Create a new switch from the Intel adapter named “Ethernet” that was displayed in the previous example, and share it with the host Windows system:
PS C:\Windows\System32> New-VMSwitch -Name HomeNet -NetAdapterName Ethernet -AllowManagementOS $true
Name SwitchType NetAdapterInterfaceDescription
HomeNet External Intel(R) Ethernet Connection (18) I219-LM
PS C:\Windows\System32> get-netadapter
Name InterfaceDescription ifIndex Status MacAddress LinkSpeed
Ethernet Intel(R) Ethernet Connection (18) I219… 23 Disconnected C4-C6-E6-30-3F-37 0 bps
vEthernet (HomeNet) Hyper-V Virtual Ethernet Adapter #4 32 Disconnected C4-C6-E6-30-3F-37 0 bpsHyper-V Manager Switch Configuration
In the Actions menu, click on Virtual Switch Manager …

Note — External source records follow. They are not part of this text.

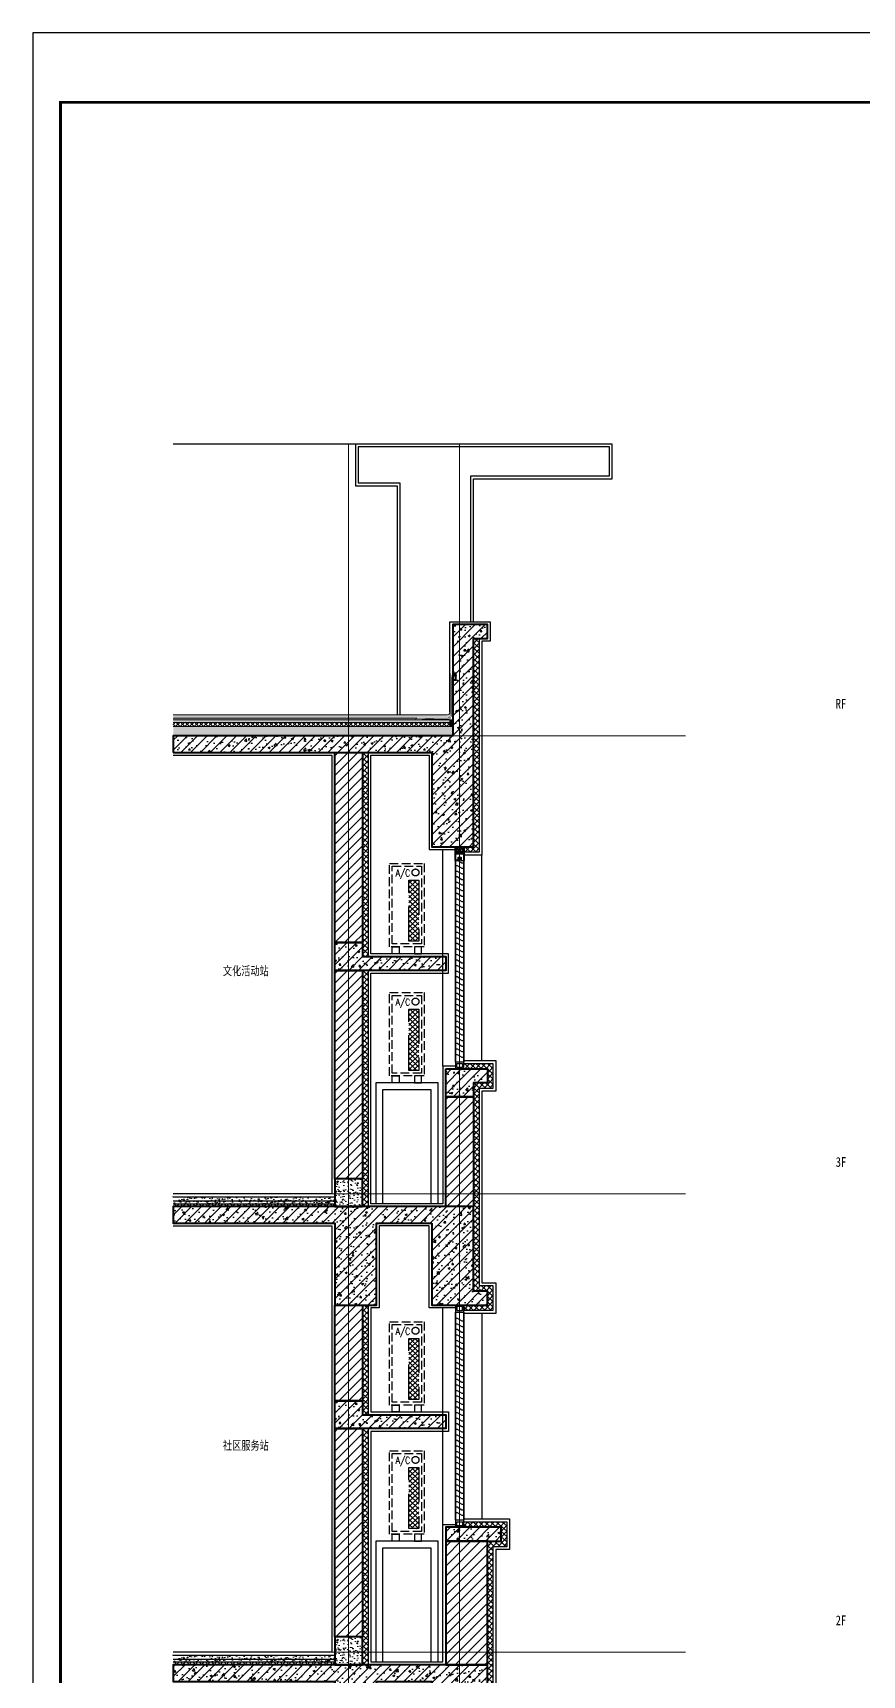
# Model space of a CAD drawing. Extents: x 1188826 to 1909461, y 608442 to 1651179.
# Drawn here: x 1312520 to 1318497, y 631326 to 643152 of the extents above; entities that cross this region are included whole.
import ezdxf

# ---------------------------------------------------------------- set-up
doc = ezdxf.new("R2010")
doc.units = 0
doc.header["$LTSCALE"] = 1000
doc.header["$MEASUREMENT"] = 0
for name, pattern in [('ACAD_ISO10W100', [18.5, 12, -3, 0.5, -3]), ('DASH', [0.35, 0.25, -0.1]), ('DOTE', [2.42, 2, -0.2, 0.02, -0.2]), ('HIDDEN2', [0.1875, 0.125, -0.0625])]:
    doc.linetypes.add(name, pattern=pattern)
for name, color, linetype, lineweight in [('3-大样填充', 8, 'Continuous', 5), ('DOTE', 19, 'DOTE', 9), ('PUB_HATCH', 8, 'Continuous', 9), ('WALL', 9, 'Continuous', 40), ('粉刷', 37, 'Continuous', 9)]:
    doc.layers.add(name, color=color, linetype=linetype, lineweight=lineweight)
for name, color, linetype in [('A-HATH(填充)', 8, 'Continuous'), ('A-LM-W(窗框)', 146, 'Continuous'), ('A-TEXT(房间)', 243, 'Continuous'), ('A-WA-I(保温层)', 40, 'Continuous'), ('A-WA-M(面层)', 43, 'Continuous'), ('A_H_MATERIAL', 40, 'Continuous'), ('PUB_TEXT', 4, 'Continuous'), ('WIN', 4, 'Continuous'), ('图框', 140, 'Continuous'), ('空调外机', 132, 'Continuous'), ('立面-2', 45, 'Continuous'), ('辅助线', 251, 'Continuous'), ('防水层', 192, 'Continuous')]:
    doc.layers.add(name, color=color, linetype=linetype)
doc.styles.add('HZ', font='txt.shx', dxfattribs={"width": 0.9, "bigfont": 'hztxt.shx'})
doc.styles.add('TXT', font='simplex.shx', dxfattribs={"width": 0.8, "bigfont": 'hztxt.shx'})
doc.styles.add('黑体', font='simhei.ttf')
pattern_1 = [(47.8624052, (16113.608, 1), (-20.97382044, 18.97631373), []), (137.8624052, (16113.608, 1), (-18.97631373, -20.97382044), [])]
pattern_2 = [(45, (0, 0), (-35.355339, 35.355339), []), (50, (0, 0), (143.4520365, -12.550427), [15, -165]), (355, (0, 0), (-27.750267, 150.438427), [12, -132]), (100.4514, (11.95, -1.05), (115.701876, 137.887908), [12.748038, -140.228422]), (46.1842, (0, 40), (213.44821, -33.103803), [22.5, -247.5]), (96.6356, (17.79, 37.24), (186.93254, 194.823574), [19.122058, -210.3426]), (351.1842, (0, 40), (186.93239, 194.82372), [18, -198]), (21, (20, 30), (119.38141, -80.523778), [15, -165]), (326, (20, 30), (48.663066, 145.030009), [12, -132]), (71.4514, (29.95, 23.29), (168.044526, 64.5061), [12.748038, -140.228422]), (37.5, (0, 0), (2.431971, 66.5787708), [0, -130.4, 0, -134, 0, -132.5]), (7.5, (0, 0), (52.6139075, 78.8823424), [0, -76.4, 0, -127.4, 0, -50.5]), (327.5, (-44.6, 0), (106.7644872, -4.5109743), [0, -50, 0, -156, 0, -207]), (317.5, (-64.6, 0), (116.637234, 20.0209965), [0, -65, 0, -103.6, 0, -147])]

# ---------------------------------------------------------------- blocks, each defined once
blk = doc.blocks.new('A$C63856392')
at = {"layer": '空调外机', "linetype": 'DASH'}
h = blk.add_hatch(dxfattribs=at)
h.set_pattern_fill('NET', color=256, scale=200, angle=45, style=0)
h.set_pattern_definition([(45, (-333662.741, 700712.276), (-17.6776695, 17.6776695), []), (135, (-333662.741, 700712.276), (-17.6776695, -17.6776695), [])])
h.paths.add_polyline_path([(140, 90), (210, 90), (210, 530), (140, 530)])
at = {"layer": '空调外机', "linetype": 'DASH', "ltscale": 0.25}
for points in [[(0, 650), (250, 650), (250, 50), (0, 50)], [(20, 630), (230, 630), (230, 70), (20, 70)]]:
    blk.add_lwpolyline(points, close=True, dxfattribs=at)
at = {"layer": '空调外机', "linetype": 'DASH'}
for points in [[(140, 530), (210, 530), (210, 90), (140, 90)], [(20, 50), (70, 50), (70, 0), (20, 0)], [(230, 50), (180, 50), (180, 0), (230, 0)]]:
    blk.add_lwpolyline(points, close=True, dxfattribs=at)
blk.add_circle((187, 585), 25, dxfattribs=at)
at = {"layer": '空调外机', "linetype": 'DASH', "style": 'HZ', "width": 0.8}
blk.add_text('A/C', height=50, dxfattribs=at).set_placement((44, 556))

msp = doc.modelspace()

# ---------------------------------------------------------------- hatches: boundary and pattern name
at = {"layer": '3-大样填充'}
h = msp.add_hatch(dxfattribs=at)
h.set_pattern_fill('粉刷', color=256, scale=10)
h.set_pattern_definition([(37.5, (40695.5, 1171623.02), (-1.25986716, 38.5364754), [0, -30.4, 0, -34, 0, -32.5]), (7.5, (40695.5, 1171623.02), (35.3955341, 56.4429213), [0, -16.4, 0, -27.4, 0, -10.5]), (327.5, (40670.9, 1171623.02), (62.2828372, 0.1131811), [0, -10, 0, -36, 0, -47]), (317.5, (40670.9, 1171623.02), (60.122532, 17.5535113), [0, -5, 0, -23.6, 0, -27])])
h.paths.add_polyline_path([(1314696, 634721), (1314696, 634741), (1313532, 634741), (1313532, 634721)])
h = msp.add_hatch(dxfattribs=at)
h.set_pattern_fill('ANSI37,_O', color=256, scale=20)
h.set_pattern_definition([(45, (40695.5, 1171633.02), (-22.4506403, 22.4506403), []), (135, (40695.5, 1171633.02), (-22.4506403, -22.4506403), [])])
h.paths.add_polyline_path([(1314696, 634701), (1314696, 634721), (1313532, 634721), (1313532, 634701)])
h = msp.add_hatch(dxfattribs=at)
h.set_pattern_fill('粉刷', color=256, scale=10)
h.set_pattern_definition([(37.5, (40695.5, 1168323.02), (-1.25986716, 38.5364754), [0, -30.4, 0, -34, 0, -32.5]), (7.5, (40695.5, 1168323.02), (35.3955341, 56.4429213), [0, -16.4, 0, -27.4, 0, -10.5]), (327.5, (40670.9, 1168323.02), (62.2828372, 0.1131811), [0, -10, 0, -36, 0, -47]), (317.5, (40670.9, 1168323.02), (60.122532, 17.5535113), [0, -5, 0, -23.6, 0, -27])])
h.paths.add_polyline_path([(1314696, 631421), (1314696, 631441), (1313532, 631441), (1313532, 631421)])
h = msp.add_hatch(dxfattribs=at)
h.set_pattern_fill('ANSI37,_O', color=256, scale=20)
h.set_pattern_definition([(45, (40695.5, 1168333.02), (-22.4506403, 22.4506403), []), (135, (40695.5, 1168333.02), (-22.4506403, -22.4506403), [])])
h.paths.add_polyline_path([(1314696, 631401), (1314696, 631421), (1313532, 631421), (1313532, 631401)])
at = {"layer": 'A-HATH(填充)'}
h = msp.add_hatch(dxfattribs=at)
h.set_pattern_fill('钢筋混凝土', color=256, scale=20, style=0)
h.set_pattern_definition([(45, (3018.37, 9195.664), (-35.355339, 35.355339), []), (50, (3018.37, 9195.66), (143.4520365, -12.550427), [15, -165]), (355, (3018.37, 9195.66), (-27.750267, 150.438427), [12, -132]), (100.4514, (3030.32, 9194.62), (115.701876, 137.887908), [12.748038, -140.228422]), (46.1842, (3018.37, 9235.66), (213.44821, -33.103803), [22.5, -247.5]), (96.6356, (3036.16, 9232.9), (186.93254, 194.823574), [19.122058, -210.3426]), (351.1842, (3018.37, 9235.66), (186.93239, 194.82372), [18, -198]), (21, (3038.37, 9225.66), (119.38141, -80.523778), [15, -165]), (326, (3038.37, 9225.66), (48.663066, 145.030009), [12, -132]), (71.4514, (3048.32, 9218.95), (168.044526, 64.5061), [12.748038, -140.228422]), (37.5, (3018.37, 9195.664), (2.431971, 66.5787708), [0, -130.4, 0, -134, 0, -132.5]), (7.5, (3018.37, 9195.664), (52.6139075, 78.8823424), [0, -76.4, 0, -127.4, 0, -50.5]), (327.5, (2973.77, 9195.664), (106.7644872, -4.5109743), [0, -50, 0, -156, 0, -207]), (317.5, (2953.77, 9195.66), (116.637234, 20.0209965), [0, -65, 0, -103.6, 0, -147])])
h.paths.add_polyline_path([(1313532, 637971), (1315396, 637971), (1315396, 637291), (1315696, 637291), (1315696, 638791), (1315796, 638791), (1315796, 638891), (1315546, 638891), (1315546, 638091), (1313532, 638091)])
h = msp.add_hatch(dxfattribs=at)
h.set_pattern_fill('钢筋混凝土', color=256, scale=20, style=0)
h.set_pattern_definition([(45, (9e-10, 7709.71), (-35.355339, 35.355339), []), (50, (9e-10, 7709.71), (143.4520365, -12.550427), [15, -165]), (355, (9e-10, 7709.71), (-27.750267, 150.438427), [12, -132]), (100.4514, (11.95, 7708.67), (115.701876, 137.887908), [12.748038, -140.228422]), (46.1842, (9e-10, 7749.71), (213.44821, -33.103803), [22.5, -247.5]), (96.6356, (17.79, 7746.95), (186.93254, 194.823574), [19.122058, -210.3426]), (351.1842, (9e-10, 7749.71), (186.93239, 194.82372), [18, -198]), (21, (20, 7739.71), (119.38141, -80.523778), [15, -165]), (326, (20, 7739.71), (48.663066, 145.030009), [12, -132]), (71.4514, (29.95, 7733), (168.044526, 64.5061), [12.748038, -140.228422]), (37.5, (9e-10, 7709.71), (2.431971, 66.5787708), [0, -130.4, 0, -134, 0, -132.5]), (7.5, (9e-10, 7709.71), (52.6139075, 78.8823424), [0, -76.4, 0, -127.4, 0, -50.5]), (327.5, (-44.6, 7709.71), (106.7644872, -4.5109743), [0, -50, 0, -156, 0, -207]), (317.5, (-64.6, 7709.71), (116.637234, 20.0209965), [0, -65, 0, -103.6, 0, -147])])
h.paths.add_polyline_path([(1314896, 636501), (1315496, 636501), (1315496, 636401), (1314696, 636401), (1314696, 636601), (1314896, 636601)])
h = msp.add_hatch(dxfattribs=at)
h.set_pattern_fill('钢筋混凝土', color=256, scale=20, style=0)
h.set_pattern_definition([(45, (33267.726, -5e-07), (-35.355339, 35.355339), []), (50, (33267.73, -5e-07), (143.452037, -12.550427), [15, -165]), (355, (33267.73, -5e-07), (-27.750267, 150.438427), [12, -132]), (100.4514, (33279.68, -1.05), (115.701876, 137.887908), [12.748038, -140.228422]), (46.1842, (33267.73, 40), (213.44821, -33.103803), [22.5, -247.5]), (96.6356, (33285.51, 37.24), (186.93254, 194.823574), [19.122058, -210.3426]), (351.1842, (33267.73, 40), (186.93239, 194.82372), [18, -198]), (21, (33287.73, 30), (119.38141, -80.523778), [15, -165]), (326, (33287.73, 30), (48.663066, 145.030009), [12, -132]), (71.4514, (33297.67, 23.29), (168.044526, 64.5061), [12.748038, -140.228422]), (37.5, (33267.726, -5e-07), (2.431971, 66.5787708), [0, -130.4, 0, -134, 0, -132.5]), (7.5, (33267.726, -5e-07), (52.6139075, 78.8823424), [0, -76.4, 0, -127.4, 0, -50.5]), (327.5, (33223.126, -5e-07), (106.7644872, -4.5109743), [0, -50, 0, -156, 0, -207]), (317.5, (33203.13, -5e-07), (116.637234, 20.0209965), [0, -65, 0, -103.6, 0, -147])])
h.paths.add_polyline_path([(1315496, 635691), (1315796, 635691), (1315796, 635591), (1315696, 635591), (1315696, 635491), (1315496, 635491)])
h = msp.add_hatch(dxfattribs=at)
h.set_pattern_fill('钢筋混凝土', color=256, scale=20, style=0)
h.set_pattern_definition(pattern_2)
h.paths.add_polyline_path([(1315396, 634581), (1315396, 633991), (1315796, 633991), (1315796, 634091), (1315696, 634091), (1315696, 634701), (1313532, 634701), (1313532, 634581), (1314696, 634581), (1314696, 633991), (1314996, 633991), (1314996, 634581)])
h = msp.add_hatch(dxfattribs=at)
h.set_pattern_fill('钢筋混凝土', color=256, scale=20, style=0)
h.set_pattern_definition([(45, (7e-10, 4409.71), (-35.355339, 35.355339), []), (50, (7e-10, 4409.71), (143.4520365, -12.550427), [15, -165]), (355, (7e-10, 4409.71), (-27.750267, 150.438427), [12, -132]), (100.4514, (11.95, 4408.67), (115.701876, 137.887908), [12.748038, -140.228422]), (46.1842, (7e-10, 4449.71), (213.44821, -33.103803), [22.5, -247.5]), (96.6356, (17.79, 4446.95), (186.93254, 194.823574), [19.122058, -210.3426]), (351.1842, (7e-10, 4449.71), (186.93239, 194.82372), [18, -198]), (21, (20, 4439.71), (119.38141, -80.523778), [15, -165]), (326, (20, 4439.71), (48.663066, 145.030009), [12, -132]), (71.4514, (29.95, 4433), (168.044526, 64.5061), [12.748038, -140.228422]), (37.5, (7e-10, 4409.71), (2.431971, 66.5787708), [0, -130.4, 0, -134, 0, -132.5]), (7.5, (7e-10, 4409.71), (52.6139075, 78.8823424), [0, -76.4, 0, -127.4, 0, -50.5]), (327.5, (-44.6, 4409.71), (106.7644872, -4.5109743), [0, -50, 0, -156, 0, -207]), (317.5, (-64.6, 4409.71), (116.637234, 20.0209965), [0, -65, 0, -103.6, 0, -147])])
h.paths.add_polyline_path([(1314896, 633201), (1315496, 633201), (1315496, 633101), (1314696, 633101), (1314696, 633301), (1314896, 633301)])
h = msp.add_hatch(dxfattribs=at)
h.set_pattern_fill('钢筋混凝土', color=256, scale=20, style=0)
h.set_pattern_definition([(45, (11245.235, 0), (-35.355339, 35.355339), []), (50, (11245.23, 0), (143.4520365, -12.550427), [15, -165]), (355, (11245.23, 0), (-27.750267, 150.438427), [12, -132]), (100.4514, (11257.19, -1.05), (115.701876, 137.887908), [12.748038, -140.228422]), (46.1842, (11245.23, 40), (213.44821, -33.103803), [22.5, -247.5]), (96.6356, (11263.02, 37.24), (186.93254, 194.823574), [19.122058, -210.3426]), (351.1842, (11245.23, 40), (186.93239, 194.82372), [18, -198]), (21, (11265.23, 30), (119.38141, -80.523778), [15, -165]), (326, (11265.23, 30), (48.663066, 145.030009), [12, -132]), (71.4514, (11275.18, 23.29), (168.044526, 64.5061), [12.748038, -140.228422]), (37.5, (11245.235, 0), (2.431971, 66.5787708), [0, -130.4, 0, -134, 0, -132.5]), (7.5, (11245.235, 0), (52.6139075, 78.8823424), [0, -76.4, 0, -127.4, 0, -50.5]), (327.5, (11200.635, 0), (106.7644872, -4.5109743), [0, -50, 0, -156, 0, -207]), (317.5, (11180.635, 0), (116.637234, 20.0209965), [0, -65, 0, -103.6, 0, -147])])
h.paths.add_polyline_path([(1315896, 632391), (1315496, 632391), (1315496, 632291), (1315896, 632291)])
h = msp.add_hatch(dxfattribs=at)
h.set_pattern_fill('钢筋混凝土', color=256, scale=20, style=0)
h.set_pattern_definition(pattern_2)
h.paths.add_polyline_path([(1314996, 631281), (1315396, 631281), (1315396, 630591), (1315696, 630591), (1315696, 631191), (1315796, 631191), (1315796, 631401), (1313532, 631401), (1313532, 631281), (1314696, 631281), (1314696, 630691), (1314996, 630691)])
at = {"layer": 'PUB_HATCH'}
h = msp.add_hatch(dxfattribs=at)
h.set_pattern_fill('多孔材料', color=256, scale=10, angle=2.8624, style=0)
h.set_pattern_definition(pattern_1)
h.paths.add_polyline_path([(1315736, 638791), (1315696, 638791), (1315696, 637291), (1315631, 637291), (1315631, 637251), (1315736, 637251)])
h = msp.add_hatch(dxfattribs=at)
h.set_pattern_fill('钢筋混凝土', color=256, scale=10, style=0)
h.set_pattern_definition([(45, (-22679.272, 14948.714), (-17.67766953, 17.67766953), []), (50, (-22679.27, 14948.714), (71.7260183, -6.2752135), [7.5, -82.5]), (355, (-22679.27, 14948.714), (-13.8751334, 75.2192134), [6, -66]), (100.4514, (-22673.295, 14948.19), (57.8509382, 68.9439542), [6.374019, -70.1142112]), (46.1842, (-22679.27, 14968.71), (106.724105, -16.5519014), [11.25, -123.75]), (96.6356, (-22670.38, 14967.33), (93.4662706, 97.411787), [9.561029, -105.1713]), (351.1842, (-22679.27, 14968.71), (93.4661945, 97.41186), [9, -99]), (21, (-22669.27, 14963.714), (59.6907052, -40.261889), [7.5, -82.5]), (326, (-22669.27, 14963.714), (24.3315332, 72.5150045), [6, -66]), (71.4514, (-22664.3, 14960.36), (84.022263, 32.2530497), [6.374019, -70.1142112]), (37.5, (-22679.272, 14948.714), (1.21598553, 33.2893854), [0, -65.2, 0, -67, 0, -66.25]), (7.5, (-22679.272, 14948.714), (26.30695374, 39.4411712), [0, -38.2, 0, -63.7, 0, -25.25]), (327.5, (-22701.572, 14948.714), (53.3822436, -2.25548717), [0, -25, 0, -78, 0, -103.5]), (317.5, (-22711.57, 14948.714), (58.318617, 10.0104982), [0, -32.5, 0, -51.8, 0, -73.5])])
edge = h.paths.add_edge_path()
edge.add_line((1313532, 638241), (1313532, 638216))
edge.add_line((1313532, 638216), (1315402, 638216))
edge.add_line((1315402, 638216), (1315404, 638219))
edge.add_line((1315404, 638219), (1315506, 638218))
edge.add_arc((1315506, 638240), 22, 270.5308, 361.598)
edge.add_line((1315528, 638241), (1315528, 638261))
edge.add_line((1315528, 638261), (1315526, 638261))
edge.add_arc((1315506, 638261), 20, -90.0001, 0, ccw=False)
edge.add_line((1315506, 638241), (1313532, 638241))
h = msp.add_hatch(dxfattribs=at)
h.set_pattern_fill('AR-SAND', color=256, scale=5, style=0)
h.set_pattern_definition([(37.5, (16243.633, 0), (-0.400007824, 12.23533093), [0, -9.652, 0, -10.795, 0, -10.31875]), (7.5, (16243.633, 0), (11.23808208, 17.92062751), [0, -5.207, 0, -8.6995, 0, -3.33375]), (327.5, (16235.822, 0), (19.774809256, 0.03592962), [0, -3.175, 0, -11.43, 0, -14.9225]), (317.5, (16235.822, 0), (19.08891131, 5.57323308), [0, -1.5875, 0, -7.493, 0, -8.5725])])
h.paths.add_polyline_path([(1313532, 638216), (1313532, 638206), (1315526, 638206), (1315526, 638216)])
h = msp.add_hatch(dxfattribs=at)
h.set_pattern_fill('AR-SAND', color=256, scale=5, style=0)
h.set_pattern_definition([(37.5, (-158571.568, -27927.669), (-0.400007824, 12.235330933), [0, -9.652, 0, -10.795, 0, -10.31875]), (7.5, (-158571.568, -27927.669), (11.23808208, 17.92062751), [0, -5.207, 0, -8.6995, 0, -3.33375]), (327.5, (-158579.379, -27927.669), (19.774809256, 0.03592962), [0, -3.175, 0, -11.43, 0, -14.9225]), (317.5, (-158579.379, -27927.669), (19.08891131, 5.57323308), [0, -1.5875, 0, -7.493, 0, -8.5725])])
h.paths.add_polyline_path([(1313532, 638206), (1313532, 638186), (1315524, 638187), (1315524, 638207), (1315335, 638206)])
h = msp.add_hatch(dxfattribs=at)
h.set_pattern_fill('ANSI37', color=256, scale=15, style=0)
h.set_pattern_definition([(45, (-22679.272, 14948.714), (-16.83798023, 16.83798023), []), (135, (-22679.272, 14948.714), (-16.83798023, -16.83798023), [])])
h.paths.add_polyline_path([(1313532, 638186), (1313532, 638156), (1315526, 638156), (1315526, 638186)])
h = msp.add_hatch(dxfattribs=at)
h.set_pattern_fill('加气混凝土', color=256, scale=7.5, style=0)
h.set_pattern_definition([(0, (-22652.72, 14921.26), (45, 90), [0, -90]), (0, (-22705.37, 14909.11), (45, 90), [0, -90]), (0, (-22676.12, 14908.21), (45, 90), [0, -90]), (0, (-22644.17, 14934.76), (45, 90), [0, -90]), (0, (-22681.52, 14903.71), (45, 90), [0, -90]), (0, (-22635.17, 14991.46), (45, 90), [0, -90]), (0, (-22662.62, 14984.26), (45, 90), [0, -90]), (0, (-22648.22, 14973.01), (45, 90), [0, -90]), (0, (-22721.57, 14971.21), (45, 90), [0, -90]), (0, (-22677.47, 14967.16), (45, 90), [0, -90]), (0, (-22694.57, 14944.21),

In this panel there is an entirely useless option list asking what type of Switch you want to create.
It is useless because all it does it set the default choice among three radio buttons on the next form, but you can always change that selection before you click the create button:
Using Hyper-V Manager you don’t have to remember PowerShell commands or the names of options, and you get a nice pulldown list of physical Ethernet adapters on the host system.
Note: this list includes adapters that are already being used with other switches and cannot be selected or you will get an error message instead of creating the switch.
Virtual Network Adapters in each VM
Each Hyper-V VM has a configuration including virtual disks and virtual network adapters. Each virtual disk is associated with a *.vhdx or *.iso file somewhere on the host disk, and each network adapter is either unconnected or connected to a named Virtual Switch.
Here there are two network adapters. The first adapter is connected to the Hyper-V Default switch/network. The second is connected to a Switch named “Bridge”. At any time you can disconnect a Virtual network adapter or connect it to another Switch. This simulates unplugging the Ethernet cable from a real computer and plugging in a cable connected to something else.
At any time you can add a new Network Adapter.
Adding an adapter to a running VM will work if the operating system reacts to the kind of hardware changes that happen when you plug a physical adapter into a USB port.
Once the adapter is defined, at any time you can connect or disconnect or change the virtual switch to which the adapter is attached. This is equivalent to plugging or unplugging an Ethernet cable to a physical adapter.
VLANs
If you don’t know about VLANs or do not use them, ignore this.
Since Hyper-V switches are themselves virtual, you can create as many as you want. The only use for VLANs is when you have a physical network adapter connected to a switch that is connected to a network that not only supports VLANs but where the connection to the adapter is configured as “tagged” (meaning that the adapter can send Ethernet packets with a prefix that selects which VLAN the packet is associated with).
Each VM virtual adapter can be configured with a specific numeric VLAN number, and if the host is sharing use of this physical adapter, then its dummy network adapter connected to the virtual switch can also be assigned a VLAN ID number.